- **Work to complete**:
Extract exactly and only the lines of the data below, starting at the line with "Alpha/1 -> Longitudinal1/6(Alpha)" and stopping after the final line.

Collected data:
········

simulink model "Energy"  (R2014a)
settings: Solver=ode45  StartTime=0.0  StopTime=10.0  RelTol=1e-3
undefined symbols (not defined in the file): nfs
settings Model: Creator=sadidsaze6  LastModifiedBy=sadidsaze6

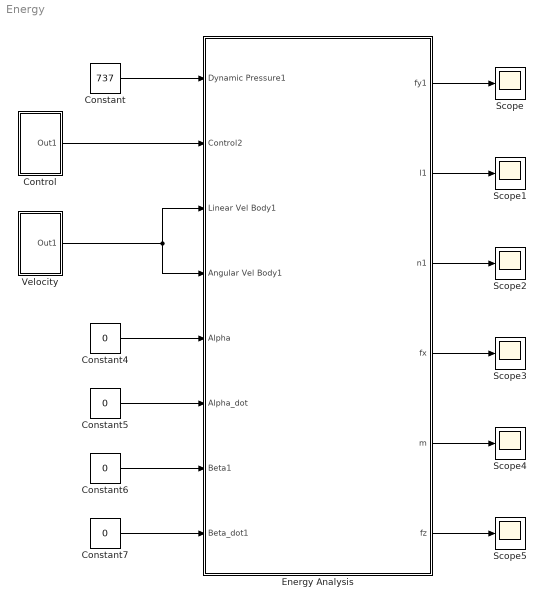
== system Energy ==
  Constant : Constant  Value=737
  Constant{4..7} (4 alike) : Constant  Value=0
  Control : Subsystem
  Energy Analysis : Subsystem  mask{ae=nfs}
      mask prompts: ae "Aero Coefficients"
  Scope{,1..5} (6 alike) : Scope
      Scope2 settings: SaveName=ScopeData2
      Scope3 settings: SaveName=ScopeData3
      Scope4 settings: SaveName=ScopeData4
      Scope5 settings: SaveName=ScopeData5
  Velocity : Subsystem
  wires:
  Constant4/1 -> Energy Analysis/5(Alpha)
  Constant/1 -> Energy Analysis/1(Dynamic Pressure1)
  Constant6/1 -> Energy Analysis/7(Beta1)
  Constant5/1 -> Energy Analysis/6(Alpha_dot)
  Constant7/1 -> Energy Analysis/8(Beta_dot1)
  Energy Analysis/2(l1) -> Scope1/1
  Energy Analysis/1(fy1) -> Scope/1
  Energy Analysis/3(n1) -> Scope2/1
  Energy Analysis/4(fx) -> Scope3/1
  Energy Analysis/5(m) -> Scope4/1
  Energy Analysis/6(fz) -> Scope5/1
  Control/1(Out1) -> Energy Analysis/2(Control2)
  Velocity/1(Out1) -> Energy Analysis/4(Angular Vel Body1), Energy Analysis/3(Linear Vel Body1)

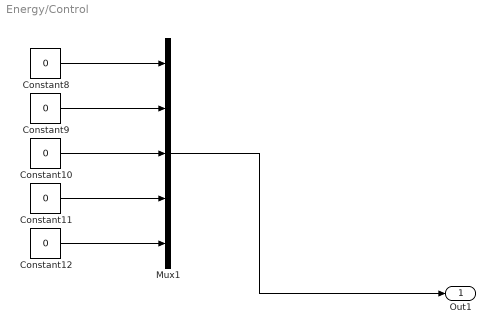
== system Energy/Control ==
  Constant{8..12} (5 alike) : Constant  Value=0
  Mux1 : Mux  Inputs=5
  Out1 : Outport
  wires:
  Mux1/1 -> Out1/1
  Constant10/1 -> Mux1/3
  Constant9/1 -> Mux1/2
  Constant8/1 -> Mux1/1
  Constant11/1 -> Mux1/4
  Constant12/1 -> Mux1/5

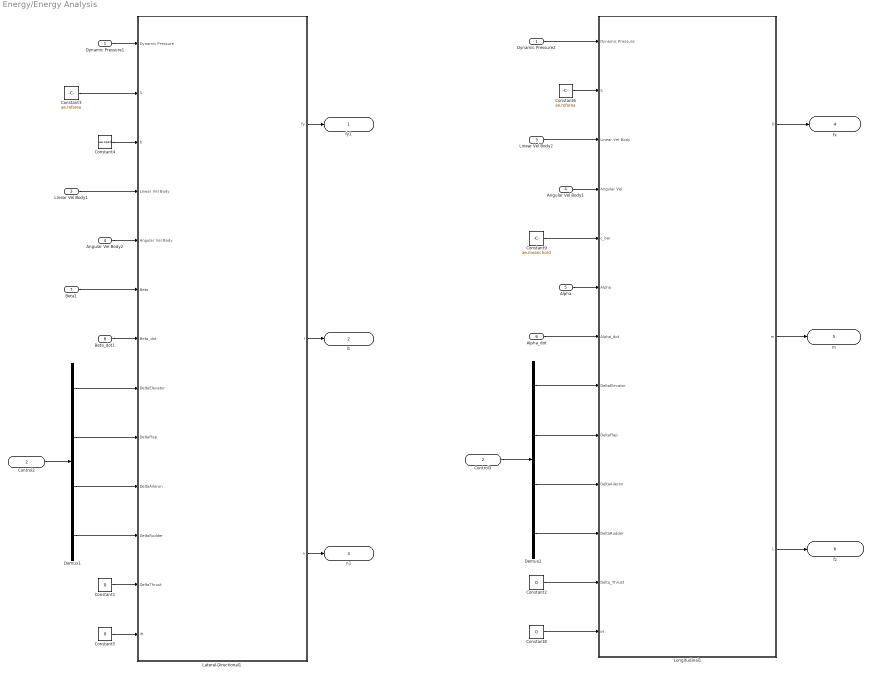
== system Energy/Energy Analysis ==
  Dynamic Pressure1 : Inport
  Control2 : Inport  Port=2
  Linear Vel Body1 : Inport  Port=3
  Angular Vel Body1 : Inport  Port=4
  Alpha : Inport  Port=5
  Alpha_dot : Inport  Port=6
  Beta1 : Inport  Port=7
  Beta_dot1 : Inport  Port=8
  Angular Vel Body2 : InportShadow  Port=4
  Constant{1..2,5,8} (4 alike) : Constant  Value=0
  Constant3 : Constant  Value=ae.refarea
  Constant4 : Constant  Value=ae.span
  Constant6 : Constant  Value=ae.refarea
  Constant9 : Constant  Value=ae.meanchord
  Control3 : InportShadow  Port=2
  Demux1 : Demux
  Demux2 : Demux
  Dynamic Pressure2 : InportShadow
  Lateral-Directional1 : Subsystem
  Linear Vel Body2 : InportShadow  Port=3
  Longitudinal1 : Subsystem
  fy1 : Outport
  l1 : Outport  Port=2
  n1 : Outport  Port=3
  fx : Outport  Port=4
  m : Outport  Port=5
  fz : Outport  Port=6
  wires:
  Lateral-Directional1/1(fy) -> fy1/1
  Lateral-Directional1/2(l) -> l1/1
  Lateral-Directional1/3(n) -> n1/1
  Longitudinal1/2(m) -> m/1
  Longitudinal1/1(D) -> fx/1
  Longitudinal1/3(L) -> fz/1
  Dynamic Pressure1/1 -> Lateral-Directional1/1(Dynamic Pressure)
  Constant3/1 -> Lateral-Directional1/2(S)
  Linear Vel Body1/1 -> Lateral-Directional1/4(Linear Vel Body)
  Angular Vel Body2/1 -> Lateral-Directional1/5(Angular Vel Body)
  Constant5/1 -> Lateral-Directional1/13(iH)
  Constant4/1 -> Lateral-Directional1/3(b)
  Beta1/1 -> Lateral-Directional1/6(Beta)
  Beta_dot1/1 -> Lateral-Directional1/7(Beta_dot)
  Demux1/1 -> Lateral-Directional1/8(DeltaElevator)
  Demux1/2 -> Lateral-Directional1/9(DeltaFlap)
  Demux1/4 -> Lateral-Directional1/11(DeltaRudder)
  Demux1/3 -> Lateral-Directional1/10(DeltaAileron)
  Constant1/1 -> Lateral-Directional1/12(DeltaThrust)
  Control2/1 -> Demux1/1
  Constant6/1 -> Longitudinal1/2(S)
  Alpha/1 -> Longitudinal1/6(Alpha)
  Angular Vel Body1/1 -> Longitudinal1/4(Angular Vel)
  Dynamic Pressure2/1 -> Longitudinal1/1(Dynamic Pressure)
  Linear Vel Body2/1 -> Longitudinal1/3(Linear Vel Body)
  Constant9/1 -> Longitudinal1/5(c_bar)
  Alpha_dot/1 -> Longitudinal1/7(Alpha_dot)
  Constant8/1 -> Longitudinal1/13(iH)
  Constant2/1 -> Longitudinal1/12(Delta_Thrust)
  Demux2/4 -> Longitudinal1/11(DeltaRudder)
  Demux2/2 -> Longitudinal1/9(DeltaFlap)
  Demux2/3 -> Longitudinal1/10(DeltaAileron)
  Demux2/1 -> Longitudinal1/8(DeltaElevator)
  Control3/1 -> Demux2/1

········

- **Task answer**:
  Alpha/1 -> Longitudinal1/6(Alpha)
  Angular Vel Body1/1 -> Longitudinal1/4(Angular Vel)
  Dynamic Pressure2/1 -> Longitudinal1/1(Dynamic Pressure)
  Linear Vel Body2/1 -> Longitudinal1/3(Linear Vel Body)
  Constant9/1 -> Longitudinal1/5(c_bar)
  Alpha_dot/1 -> Longitudinal1/7(Alpha_dot)
  Constant8/1 -> Longitudinal1/13(iH)
  Constant2/1 -> Longitudinal1/12(Delta_Thrust)
  Demux2/4 -> Longitudinal1/11(DeltaRudder)
  Demux2/2 -> Longitudinal1/9(DeltaFlap)
  Demux2/3 -> Longitudinal1/10(DeltaAileron)
  Demux2/1 -> Longitudinal1/8(DeltaElevator)
  Control3/1 -> Demux2/1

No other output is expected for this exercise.